WORK ITEM » When you reach the line containing "of L8.end L9.end" in the data below, begin returning lines exactly as written, and stop once the line containing "of L20.end L21.end" has been returned.

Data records

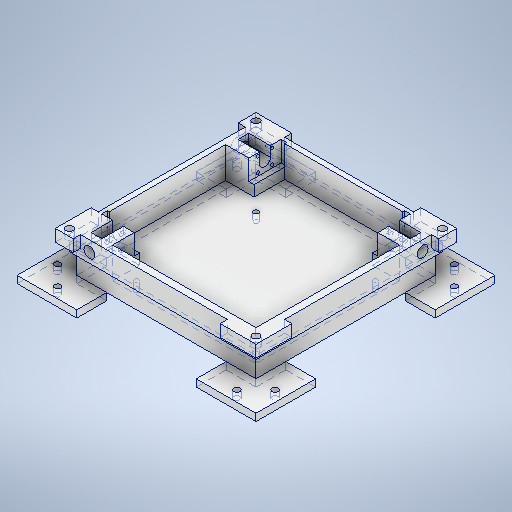
# Autodesk Inventor part: lower half
Saved by Autodesk Inventor 2025 (Build 290162000, 162)
## iProperties
Created: 2024-04-12
Part Number: lower half
Material: Aluminum 6061
Document SubType Name: Modeling
Designer: mahal
Density: 2.7 g/cm^3
Appearance: Aluminum - Flat
Mass: 892.67 g
Surface Area: 1106.39 cm^2
Volume: 330.618 cm^3
Author: mahal
Autodesk Inventor part; units mm, degrees
sketch "Sketch1" plane through (0, 0, 0) normal (0, 1, 0) x (-1, 0, 0)
  line L0 (75, 75) -> (-75, 75)
  line L1 (-75, 75) -> (-75, -75)
  line L2 (-75, -75) -> (75, -75)
  line L3 (75, -75) -> (75, 75)
  line L4 (75, 75) -> (-75, -75) construction
  line L5 (-75, 75) -> (75, -75) construction
  point P0 (0, 0)
  dimension "d0" = 150
  dimension "d1" = 150
  constraints: 12 end point, 2 midpoint, 2 parallel, 1 horizontal, 1 perpendicular
  measures "d0" distance of L2.end L1.end
  measures "d1" distance of L1.end L0.end
extrude "Extrusion1" add sketch "Sketch1" along normal blind 30
ref_plane "Work Plane1" through (0, 30, 0) normal (0, 1, 0) x (1, 0, 0)
sketch "Sketch2" plane through (0, 30, 0) normal (0, 1, 0) x (1, 0, 0)
  line L0 (72, -72) -> (-72, -72)
  line L1 (-72, -72) -> (-72, 72)
  line L2 (-72, 72) -> (72, 72)
  line L3 (72, 72) -> (72, -72)
  line L4 (72, -72) -> (-72, 72) construction
  line L5 (-72, -72) -> (72, 72) construction
  line L6 (72, -72) -> (-48, -72)
  line L7 (-48, -72) -> (-48, 48)
  line L8 (-48, 48) -> (72, 48)
  line L9 (72, 48) -> (72, -72)
  point P0 (0, 0)
  dimension "d5" = 144
  dimension "d6" = 144
  dimension "d7" = 120
  dimension "d8" = 120
  constraints: 20 end point, 4 parallel, 2 horizontal, 2 midpoint, 2 perpendicular
  measures "d5" distance of L1.end L2.end
  measures "d6" distance of L0.end L1.end
  measures "d7" distance of L7.end L8.end
  measures "d8" distance of L6.end L7.end
extrude "Extrusion2" cut sketch "Sketch2" against normal blind 26 contours L0 L7 L8 L3
sketch "Sketch3" plane through (0, 30, 0) normal (0, 1, 0) x (1, 0, 0)
  line L0 (72, -72) -> (-48, -72) projected
  line L1 (-48, -72) -> (-75, -72)
  line L2 (-75, 75) -> (-75, -75) projected
  line L3 (-61.5, -72) -> (-66, -72)
  line L4 (-61.5, -72) -> (-57, -72)
  line L5 (-57, -72) -> (-57, -54)
  line L6 (-57, -54) -> (-66, -54)
  line L7 (-66, -54) -> (-66, -72)
  line L8 (-57, -54) -> (-48, -54)
  line L9 (-48, -54) -> (-48, -49.5)
  line L10 (-48, -49.5) -> (-75, -49.5)
  line L11 (-75, -54) -> (-66, -54)
  line L12 (-75, -54) -> (-75, -49.5)
  line L13 (-48, 48) -> (72, 48) projected
  line L14 (72, 48) -> (72, 75)
  line L15 (72, 61.5) -> (72, 57)
  line L16 (72, 61.5) -> (72, 66)
  line L17 (72, 66) -> (54, 66)
  line L18 (54, 66) -> (54, 57)
  line L19 (54, 57) -> (72, 57)
  line L20 (54, 57) -> (54, 48)
  line L21 (54, 48) -> (49.5, 48)
  line L22 (49.5, 48) -> (49.5, 75)
  line L23 (75, 75) -> (-75, 75) projected
  line L24 (49.5, 75) -> (54, 75)
  line L25 (54, 75) -> (54, 66)
  line L26 (0, 48) -> (0, 57)
  line L27 (48, 48) -> (-72, 48)
  line L28 (-72, 48) -> (-72, 75)
  line L29 (-72, 61.5) -> (-72, 57)
  line L30 (-72, 61.5) -> (-72, 66)
  line L31 (-72, 66) -> (-54, 66)
  line L32 (-54, 66) -> (-54, 57)
  line L33 (-54, 57) -> (-72, 57)
  line L34 (-54, 57) -> (-54, 48)
  line L35 (-54, 48) -> (-49.5, 48)
  line L36 (-49.5, 48) -> (-49.5, 75)
  line L37 (-75, 75) -> (75, 75)
  line L38 (-49.5, 75) -> (-54, 75)
  line L39 (-54, 75) -> (-54, 66)
  point P0 (0, 0)
  dimension "d11" = 4.5
  dimension "d12" = 4.5
  dimension "d13" = 18
  dimension "d14" = 4.5
  dimension "d15" = 4.5
  dimension "d16" = 4.5
  dimension "d17" = 18
  dimension "d18" = 4.5
  constraints: 72 end point, 19 point on line, 14 symmetric about line, 12 perpendicular, 3 vertical, 2 horizontal, 2 midpoint, 1 collinear
  measures "d11" distance of L3.start L3.end
  measures "d12" distance of L3.start L4.end
  measures "d13" distance of L4.end L5.end
  measures "d14" distance of L8.end L9.end
  measures "d15" distance of L15.start L15.end
  measures "d16" distance of L15.start L16.end
  measures "d17" distance of L16.end L17.end
  measures "d18" distance of L20.end L21.end
extrude "Extrusion3" cut sketch "Sketch3" against normal blind 12.5 contours L1 L7 L6 L5 | L6 L11 L2 L10 L9 L8 | L23 L36 L27 L34 L32 L39 | L31 L32 L33 L28 | L23 L25 L18 L20 L13 L22 | L17 L14 L19 L18
sketch "Sketch5" plane through (0, 30, 0) normal (0, 1, 0) x (1, 0, 0)
  line L0 (54, 57) -> (54, 48) projected
  line L1 (49.5, 48) -> (49.5, 75) projected
  line L2 (54, 48) -> (49.5, 48)
  line L3 (49.5, 48) -> (49.5, 75)
  line L4 (49.5, 75) -> (54, 75)
  line L5 (54, 75) -> (54, 48)
  line L6 (-49.5, 75) -> (-49.5, 48) projected
  line L7 (-54, 66) -> (-54, 75) projected
  line L8 (-49.5, 48) -> (-54, 48)
  line L9 (-54, 48) -> (-54, 75)
  line L10 (-54, 75) -> (-49.5, 75)
  line L11 (-49.5, 75) -> (-49.5, 48)
  line L12 (-75, -49.5) -> (-48, -49.5) projected
  line L13 (-48, -54) -> (-75, -54)
  line L14 (-75, -54) -> (-75, -49.5)
  line L15 (-75, -49.5) -> (-48, -49.5)
  line L16 (-48, -49.5) -> (-48, -54)
  point P0 (0, 0)
  constraints: 24 end point, 6 parallel, 3 horizontal, 3 perpendicular
extrude "Extrusion4" cut sketch "Sketch5" against normal blind 17
sketch "Sketch6" plane through (0, 30, 0) normal (0, 1, 0) x (1, 0, 0)
  line L0 (49.5, 48) -> (49.5, 75) projected
  line L1 (49.5, 48) -> (-48.9491, 48)
  line L2 (-48.9491, 48) -> (-48.9491, 73.5)
  line L3 (-48.9491, 73.5) -> (49.5, 73.5)
  line L4 (49.5, 73.5) -> (49.5, 48)
  line L5 (-48, -49.5) -> (-48, 48) projected
  line L6 (-75, 75) -> (-75, -49.5) projected
  line L7 (-48, -49.5) -> (-75, -49.5)
  line L8 (-75, -49.5) -> (-75, 48)
  line L9 (-75, 48) -> (-48, 48)
  line L10 (-48, 48) -> (-48, -49.5)
  line L11 (-48, -49.5) -> (-73.5, -49.5)
  line L12 (-73.5, -49.5) -> (-73.5, 48)
  line L13 (-73.5, 48) -> (-48, 48)
  line L14 (-48, 48) -> (-48, -49.5)
  point P0 (0, 0)
  dimension "d23" = 25.5
  dimension "d24" = 25.5
  constraints: 24 end point, 6 parallel, 3 horizontal, 3 perpendicular, 3 point on line
  measures "d23" distance of L1.end L2.end
  measures "d24" distance of L12.end L13.end
extrude "Extrusion5" cut sketch "Sketch6" against normal up to surface (26 mm away) contours L1 L2 L3 L0 | L5 L7 L12 L9 L1
sketch "Sketch7" plane through (0, 30, 0) normal (0, 1, 0) x (1, 0, 0)
  line L0 (78, -78) -> (-78, -78)
  line L1 (-78, -78) -> (-78, 78)
  line L2 (-78, 78) -> (78, 78)
  line L3 (78, 78) -> (78, -78)
  line L4 (78, -78) -> (-78, 78) construction
  line L5 (-78, -78) -> (78, 78) construction
  line L6 (-75, 75) -> (-75, -49.5) projected
  line L7 (75, -75) -> (-75, -75)
  line L8 (-75, -75) -> (-75, 75)
  line L9 (-75, 75) -> (75, 75)
  line L10 (75, 75) -> (75, -75)
  line L11 (75, -75) -> (-75, 75) construction
  line L12 (-75, -75) -> (75, 75) construction
  point P0 (0, 0)
  dimension "d27" = 156
  dimension "d28" = 156
  constraints: 24 end point, 4 midpoint, 4 parallel, 2 horizontal, 2 perpendicular
  measures "d27" distance of L1.end L2.end
  measures "d28" distance of L0.end L1.end
extrude "Extrusion6" add sketch "Sketch7" against normal up to surface (17 mm away)
ref_plane "Work Plane2" through (-48.9491, 4, -73.5) normal (1, 0, 0) x (0, 0, -1)
sketch "Sketch8" plane through (-48.9491, 4, -73.5) normal (1, 0, 0) x (0, 0, -1)
  line L0 (-25.5, 26) -> (0, 26) projected
  line L1 (-25.5, 26) -> (0, 26)
  line L2 (0, 26) -> (0, 0)
  line L3 (0, 0) -> (-25.5, 0)
  line L4 (-25.5, 0) -> (-25.5, 26)
  point P0 (-73.5, -4)
  constraints: 8 end point, 2 parallel, 1 horizontal, 1 perpendicular
extrude "Extrusion7" cut sketch "Sketch8" against normal up to surface (0.5509 mm away)
sketch "Sketch9" plane through (0, 30, 0) normal (0, 1, 0) x (1, 0, 0)
  line L0 (-78, -78) -> (78, -78) projected
  line L1 (-78, -78) -> (-78, -54)
  line L2 (-78, 78) -> (-78, -78) projected
  line L3 (-78, -54) -> (-84, -54)
  line L4 (-84, -54) -> (-84, -78)
  line L5 (-84, -78) -> (-84, -84)
  line L6 (-84, -84) -> (-78, -84)
  line L7 (-78, -84) -> (-54, -84)
  line L8 (-54, -84) -> (-54, -78)
  line L9 (-78, -78) -> (-54, -78)
  line L10 (-78, 0) -> (-59.442, 0)
  line L11 (0, -78) -> (0, -66)
  line L12 (72, -72) -> (-48, -72) projected
  line L13 (-78, 78) -> (-78, 54)
  line L14 (-78, 54) -> (-84, 54)
  line L15 (-84, 54) -> (-84, 78)
  line L16 (-84, 78) -> (-84, 84)
  line L17 (-84, 84) -> (-78, 84)
  line L18 (-78, 84) -> (-54, 84)
  line L19 (-54, 84) -> (-54, 78)
  line L20 (-78, 78) -> (-54, 78)
  line L21 (78, -78) -> (-78, -78)
  line L22 (78, -78) -> (78, -54)
  line L23 (78, -54) -> (84, -54)
  line L24 (84, -54) -> (84, -78)
  line L25 (84, -78) -> (84, -84)
  line L26 (84, -84) -> (78, -84)
  line L27 (78, -84) -> (54, -84)
  line L28 (54, -84) -> (54, -78)
  line L29 (78, 78) -> (78, -78)
  line L30 (78, 78) -> (78, 54)
  line L31 (78, 54) -> (84, 54)
  line L32 (84, 54) -> (84, 78)
  line L33 (84, 78) -> (84, 84)
  line L34 (78, 84) -> (54, 84)
  line L35 (84, 84) -> (78, 84)
  line L36 (54, 84) -> (54, 78)
  line L37 (78, 78) -> (54, 78)
  point P0 (0, 0)
  dimension "d34" = 24
  dimension "d35" = 6
  dimension "d36" = 6
  dimension "d37" = 24
  constraints: 70 end point, 25 symmetric about line, 11 point on line, 4 perpendicular, 2 horizontal, 2 midpoint, 1 collinear
  measures "d34" distance of L0.start L1.end
  measures "d35" distance of L1.end L3.end
  measures "d36" distance of L4.end L5.end
  measures "d37" distance of L6.end L7.end
extrude "Extrusion8" add sketch "Sketch9" against normal blind 10
sketch "Sketch10" plane through (0, 30, 0) normal (0, 1, 0) x (1, 0, 0)
  line L0 (-84, 54) -> (-84, 84) projected
  line L1 (-78, 54) -> (-78, 78) projected
  line L2 (-84, 84) -> (-78, 84)
  line L3 (-78, 84) -> (-78, 78)
  line L4 (-78, 78) -> (-84, 78)
  line L5 (-84, 78) -> (-84, 84)
  circle A0 centre (-78, 78) radius 3
  line L6 (78, 78) -> (-78, 78) projected
  line L7 (0, 78) -> (0, 61.3441)
  line L8 (-78, 54) -> (-78, -54) projected
  line L9 (-78, 0) -> (-60.0355, 0)
  circle A1 centre (78, 78) radius 3
  circle A2 centre (-78, -78) radius 3
  circle A3 centre (78, -78) radius 3
  point P0 (0, 0)
  dimension "d40" = 6
  constraints: 12 end point, 4 centre point, 3 symmetric about line, 2 horizontal, 2 midpoint, 2 parallel, 1 coincident, 1 perpendicular, 1 vertical, 3 other
  measures "d40" diameter of A0
extrude "Extrusion9" cut sketch "Sketch10" against normal blind 7 contours A1 | A0 L3 L4 | L4 L1 A0 | L6 A0 L1 | L3 A0 L6 | A2 | A3
ref_plane "Work Plane3" through (0, 4, 0) normal (0, 1, 0) x (1, 0, 0)
sketch "Sketch11" plane through (0, 4, 0) normal (0, 1, 0) x (1, 0, 0)
  line L0 (72, -72) -> (-48, -72) projected
  line L1 (72, -72) -> (62, -72)
  line L2 (62, -72) -> (62, -62)
  line L3 (62, -62) -> (72, -62)
  line L4 (72, -62) -> (72, -72)
  circle A0 centre (62, -62) radius 2
  line L5 (72, -72) -> (-48, -72)
  line L6 (-48, -72) -> (-48, 48)
  line L7 (-48, 48) -> (72, 48)
  line L8 (72, 48) -> (72, -72)
  line L9 (12, -72) -> (12, -54.0613)
  line L10 (12, -12) -> (26.1191, -12)
  circle A1 centre (-38, -62) radius 2
  circle A2 centre (62, 38) radius 2
  circle A3 centre (-38, 38) radius 2
  point P0 (0, 0)
  dimension "d44" = 10
  dimension "d45" = 10
  dimension "d46" = 4
  dimension "d47" = 120
  dimension "d48" = 120
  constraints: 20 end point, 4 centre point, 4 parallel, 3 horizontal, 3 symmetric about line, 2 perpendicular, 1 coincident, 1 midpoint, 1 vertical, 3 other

PROBLEM SOLUTION »
  measures "d14" distance of L8.end L9.end
  measures "d15" distance of L15.start L15.end
  measures "d16" distance of L15.start L16.end
  measures "d17" distance of L16.end L17.end
  measures "d18" distance of L20.end L21.end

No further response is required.